Tom Florsheim - Chairman, CEO
The one other thing I would just call out, and we mentioned it in the call, when you consider the additional volume that we are going to get from taking over our licensee up in Canada, that is going to be a significant factor for us this year. We don't have that in our release, but we mentioned that in the call -- earlier in the call.
Rebecca Simmons - Analyst
That is the license out of Canada?
Tom Florsheim - Chairman, CEO
Right. Our BOGS business, when we bought the brand, had been licensed to a third-party in Canada, and the business up there is actually very strong. It is a large business for the size of the market. We are actually selling -- we officially take over the shipping of the brand June 1. We are out there right now, selling for fall 2012. We will deliver BOGS for fall 2012, which is obviously the biggest season for BOGS. We gave out some numbers earlier, $6 million to $7 million additional sales, we think this year, and then $8 million to $10 million in 2013. I think that is going to be some nice additional volume for the BOGS brand and overall.
Rebecca Simmons - Analyst
Okay. The last question I had is, could you just give an update if there is any outlook for additional acquisitions or kind of where you are at this point?
Tom Florsheim - Chairman, CEO
It is difficult to control the timing on acquisitions. I think that our preference would be to focus on BOGS for the next couple of years, and really grow that business and give that our full attention. With that said, if something very attractive came on the market, we would definitely look at it.
We are still long-term in an acquisition mode. Again, we really believe, we did this with Florsheim and we intend to do the same thing with BOGS, where we are going to focus our attention on that and make sure that we maximize the growth there.

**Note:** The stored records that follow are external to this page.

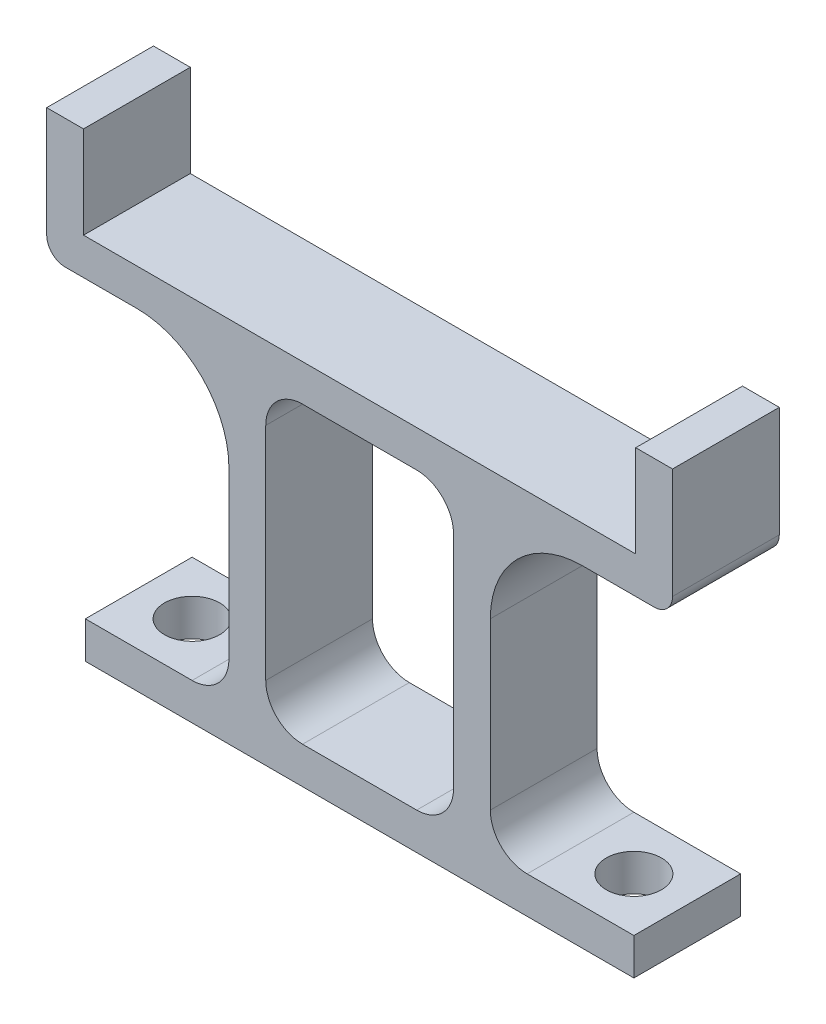
ISO-10303-21;
HEADER;
FILE_DESCRIPTION(('STEP AP214'),'2;1');
FILE_NAME('part.step','',(''),(''),'','','');
FILE_SCHEMA(('AUTOMOTIVE_DESIGN { 1 0 10303 214 1 1 1 1 }'));
ENDSEC;
DATA;
#1=APPLICATION_CONTEXT('core data for automotive mechanical design processes');
#2=APPLICATION_PROTOCOL_DEFINITION('international standard','automotive_design',2000,#1);
#3=PRODUCT_CONTEXT('',#1,'mechanical');
#4=PRODUCT('Part','Part','',(#3));
#5=PRODUCT_RELATED_PRODUCT_CATEGORY('part','',(#4));
#6=PRODUCT_DEFINITION_FORMATION('','',#4);
#7=PRODUCT_DEFINITION_CONTEXT('part definition',#1,'design');
#8=PRODUCT_DEFINITION('design','',#6,#7);
#9=PRODUCT_DEFINITION_SHAPE('','',#8);
#10=(LENGTH_UNIT() NAMED_UNIT(*) SI_UNIT(.MILLI.,.METRE.));
#11=(NAMED_UNIT(*) PLANE_ANGLE_UNIT() SI_UNIT($,.RADIAN.));
#12=(NAMED_UNIT(*) SI_UNIT($,.STERADIAN.) SOLID_ANGLE_UNIT());
#13=UNCERTAINTY_MEASURE_WITH_UNIT(LENGTH_MEASURE(1.E-05),#10,'distance_accuracy_value','');
#14=(GEOMETRIC_REPRESENTATION_CONTEXT(3) GLOBAL_UNCERTAINTY_ASSIGNED_CONTEXT((#13)) GLOBAL_UNIT_ASSIGNED_CONTEXT((#10,
#11,#12)) REPRESENTATION_CONTEXT('',''));
#15=CARTESIAN_POINT('',(0.,0.,0.));
#16=DIRECTION('',(0.,0.,1.));
#17=DIRECTION('',(1.,0.,0.));
#18=AXIS2_PLACEMENT_3D('',#15,#16,#17);
#19=CARTESIAN_POINT('',(-16.,19.,5.8));
#20=DIRECTION('',(0.,0.,-1.));
#21=DIRECTION('',(-1.,0.,0.));
#22=AXIS2_PLACEMENT_3D('',#19,#20,#21);
#23=PLANE('',#22);
#24=DIRECTION('',(-1.,0.,0.));
#25=VECTOR('',#24,1.);
#26=CARTESIAN_POINT('',(-15.,25.,5.8));
#27=LINE('',#26,#25);
#28=CARTESIAN_POINT('',(-15.,25.,5.8));
#29=VERTEX_POINT('',#28);
#30=CARTESIAN_POINT('',(-17.,25.,5.8));
#31=VERTEX_POINT('',#30);
#32=EDGE_CURVE('E242',#29,#31,#27,.T.);
#33=ORIENTED_EDGE('',*,*,#32,.T.);
#34=DIRECTION('',(0.,-1.,0.));
#35=VECTOR('',#34,1.);
#36=CARTESIAN_POINT('',(-17.,25.,5.8));
#37=LINE('',#36,#35);
#38=CARTESIAN_POINT('',(-17.,19.,5.8));
#39=VERTEX_POINT('',#38);
#40=EDGE_CURVE('E231',#31,#39,#37,.T.);
#41=ORIENTED_EDGE('',*,*,#40,.T.);
#42=CARTESIAN_POINT('',(-16.,19.,5.8));
#43=DIRECTION('',(0.,0.,1.));
#44=DIRECTION('',(-1.,0.,0.));
#45=AXIS2_PLACEMENT_3D('',#42,#43,#44);
#46=CIRCLE('',#45,1.);
#47=CARTESIAN_POINT('',(-16.,18.,5.8));
#48=VERTEX_POINT('',#47);
#49=EDGE_CURVE('E241',#39,#48,#46,.T.);
#50=ORIENTED_EDGE('',*,*,#49,.T.);
#51=DIRECTION('',(1.,0.,0.));
#52=VECTOR('',#51,1.);
#53=CARTESIAN_POINT('',(-16.,18.,5.8));
#54=LINE('',#53,#52);
#55=CARTESIAN_POINT('',(-12.1,18.,5.8));
#56=VERTEX_POINT('',#55);
#57=EDGE_CURVE('E327',#48,#56,#54,.T.);
#58=ORIENTED_EDGE('',*,*,#57,.T.);
#59=CARTESIAN_POINT('',(-12.1,13.,5.8));
#60=DIRECTION('',(0.,0.,-1.));
#61=DIRECTION('',(1.,0.,0.));
#62=AXIS2_PLACEMENT_3D('',#59,#60,#61);
#63=CIRCLE('',#62,5.);
#64=CARTESIAN_POINT('',(-7.1,13.,5.8));
#65=VERTEX_POINT('',#64);
#66=EDGE_CURVE('E329',#56,#65,#63,.T.);
#67=ORIENTED_EDGE('',*,*,#66,.T.);
#68=DIRECTION('',(0.,-1.,0.));
#69=VECTOR('',#68,1.);
#70=CARTESIAN_POINT('',(-7.1,13.,5.8));
#71=LINE('',#70,#69);
#72=CARTESIAN_POINT('',(-7.1,4.,5.8));
#73=VERTEX_POINT('',#72);
#74=EDGE_CURVE('E331',#65,#73,#71,.T.);
#75=ORIENTED_EDGE('',*,*,#74,.T.);
#76=CARTESIAN_POINT('',(-9.1,4.,5.8));
#77=DIRECTION('',(0.,0.,-1.));
#78=DIRECTION('',(-1.,0.,0.));
#79=AXIS2_PLACEMENT_3D('',#76,#77,#78);
#80=CIRCLE('',#79,2.);
#81=CARTESIAN_POINT('',(-9.1,2.,5.8));
#82=VERTEX_POINT('',#81);
#83=EDGE_CURVE('E333',#73,#82,#80,.T.);
#84=ORIENTED_EDGE('',*,*,#83,.T.);
#85=DIRECTION('',(-1.,0.,0.));
#86=VECTOR('',#85,1.);
#87=CARTESIAN_POINT('',(-9.1,2.,5.8));
#88=LINE('',#87,#86);
#89=CARTESIAN_POINT('',(-14.9,2.,5.8));
#90=VERTEX_POINT('',#89);
#91=EDGE_CURVE('E335',#82,#90,#88,.T.);
#92=ORIENTED_EDGE('',*,*,#91,.T.);
#93=DIRECTION('',(0.,-1.,0.));
#94=VECTOR('',#93,1.);
#95=CARTESIAN_POINT('',(-14.9,2.,5.8));
#96=LINE('',#95,#94);
#97=CARTESIAN_POINT('',(-14.9,0.,5.8));
#98=VERTEX_POINT('',#97);
#99=EDGE_CURVE('E337',#90,#98,#96,.T.);
#100=ORIENTED_EDGE('',*,*,#99,.T.);
#101=DIRECTION('',(1.,0.,0.));
#102=VECTOR('',#101,1.);
#103=CARTESIAN_POINT('',(-14.9,0.,5.8));
#104=LINE('',#103,#102);
#105=CARTESIAN_POINT('',(14.9,0.,5.8));
#106=VERTEX_POINT('',#105);
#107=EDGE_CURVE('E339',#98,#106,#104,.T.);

But long-term, we definitely are looking at other -- will look at additional acquisitions.
John Wittkowske - SVP, CFO, Secretary
One thing we mentioned in the conference call, too, is we are expanding our infrastructure here to accommodate, anticipated growth with our are existing brands and BOGS, but it sets us up for the future should something interesting come down the pike.
Rebecca Simmons - Analyst
Okay. Great. Well, that's all the questions I have. I appreciate you taking the time.
Tom Florsheim - Chairman, CEO
Thank you.
Operator
(Operator Instructions). Gentlemen, it looks like no other questions today.
Tom Florsheim - Chairman, CEO
Okay. We want to thank everybody, again, for joining us and we will talk to you next quarter. Thank you. Have a good day.
Operator
Ladies and gentlemen, that concludes today's conference. Thank you for joining us. You may now disconnect andhave a great rest of the day.